NIHSS: National Institutes of Health Stroke scale; SAH: subarachnoid hemorrhage; IVH: intra-ventricular hemorrhage

Based on CT scan findings, 661 different sites of bleeding were observed. Meanwhile, the highest percentage of bleeding was observed as ICH-Potamen (32.9%), followed by subarachnoid hemorrhage (SAH) (30.9%) and intra-ventricular hemorrhage (IVH) (29.3%).

In assessing the distribution of the frequency of disease severity based on NIHSS, the highest percentage of subjects (52.4%) had a moderate stroke scale and those with minor stroke scale, formed only 10.9% of the patients. The mean scores of NIHSS scale among the studied patients were 13.01±6.59, while the lowest score obtained was 2 and the highest was 24.

The average QT-Max interval was 350.4±56.5 milliseconds and the average QTc-Max was 583.6±57.6 msec. The frequency distribution of the time status of QTc-Max and QT-Max findings in patients’ ECG are reported in table 1.

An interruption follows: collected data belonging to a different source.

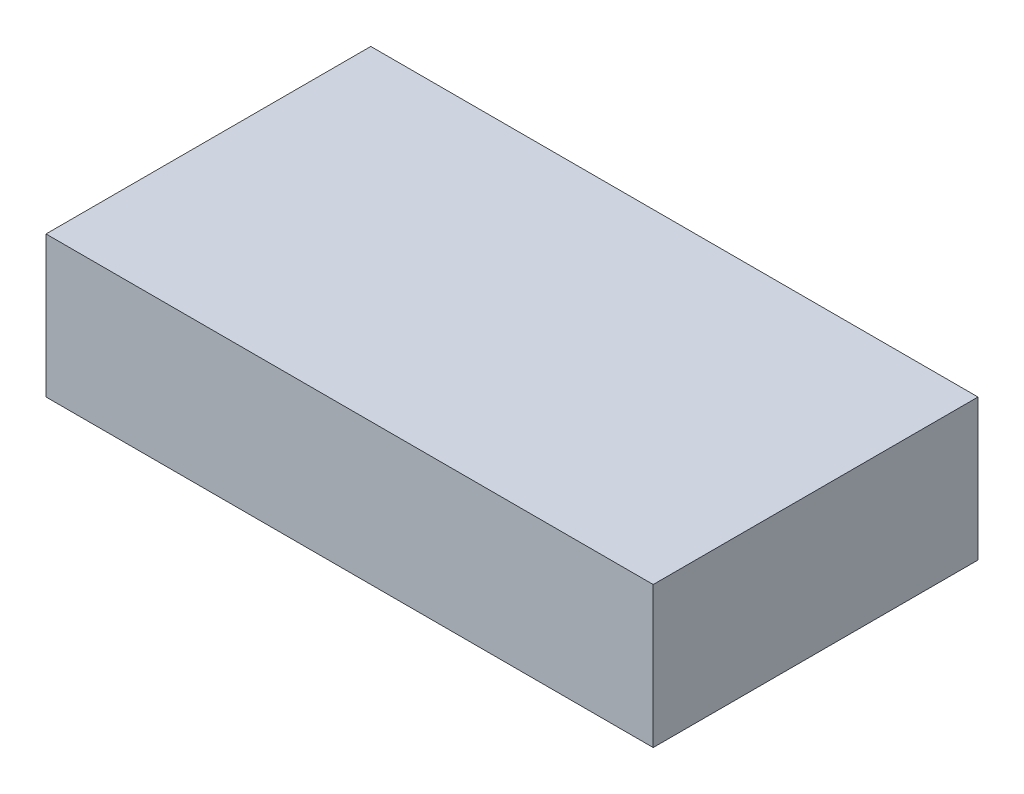
from build123d import *

# Parameters (mm, degrees)
SKETCH1_W           = 215
SKETCH1_H           = 115
BOSS_EXTRUDE1_DEPTH = 50


with BuildPart() as part:
    # Sketch1 → Boss-Extrude1 (new body)
    with BuildSketch(Plane(origin=(0, 0, 0), x_dir=(1, 0, 0), z_dir=(0, 1, 0))):
        Rectangle(SKETCH1_W, SKETCH1_H)
    extrude(amount=BOSS_EXTRUDE1_DEPTH)


solid = part.part

Table 2 shows the relationship of the studied ICH patients’ outcome with their QTc-Max and QT-Max intervals. According to the findings, a statistically significant relationship was found between QTc-Max and the outcome of the patients with ICH (p<0.001). However, there was no significant statistical relationship between QT-Max and the outcome (p=0.593).

Table 2:

Relationship of the studied ICH patients’ outcome with their QTc-Max and QT-Max intervals

ECG findings	Outcome		p
	Recovery (n=360)	Death (n=106)
	Number (%)
QTc-Max
Normal (n = 369)	301 (81.6)	68 (18.4)	0.001
Border Line (n = 65)	42 (46.6)	23 (35.4)
Prolonged (n = 32)	17 (53.1)	15 (46.9)
QT-Max
Normal (n = 461)	355 (77.0)	106 (23.0)	0.593
Border Line (n = 5)	5 (100)	0 (0.0)
Prolonged (n = 0)	0 (0.0)	0 (0.0)

Discussion

In our study, the mortality rate of ICH patients was 22.7%. Among 106 dead cases, 15 patients (46.9%) were those who had prolonged QTc-Max (32 patients); and it was found that there was a significant relationship between QTc-Max time status in patients and the outcome of treatment in patients with ICH.

In the same study conducted by Stead et al. (2009), a total of 64 patients died within 90 days. Patients with longer QT intervals were more likely to die within 90 days than those who did not have a long QT. Life expectancy in patients with long QT and without long QT was 70.5% and 87.1%, respectively. Fifty-one percent of those who died due to stroke had a long QT interval, and among those who died due to cardiac causes, 50% had a long QT interval; also, 32% of those who died due to other disorders had a long QT interval (12).

It is well-known that a long QT interval increases the risk of ventricular tachyarrhythmia especially torsade de point (13). Polymorphic arrhythmia might quickly turn into ventricular fibrillation and lead to sudden death. Hence, accurate monitoring is critical when the QT interval is detected as a long QT interval (12). Prognosis seems to be worse with QT interval of greater than 440 msec in women and more than 438 msec in men. Findings related to the association between prolonged QT intervals and increase in the mortality risk have been inconsistent so far (12).

Limitations

Several factors can influence the results of this study. Although disease severity was assessed, but patients care, location and volume of hemorrhage, underline diseases, coagulopathy and many other factors could be considered. So, performing high quality surveys considering all possible factors that lead to proper multivariate regression analysis is still needed.

Conclusions

Based on the results obtained, QTc related with intra-hospital mortality of the patients with spontaneous ICH. Therefore, it can be expected that studying the ECG abnormalities, especially prolonged QTc in patients with ICH, may be helpful in the process of their management.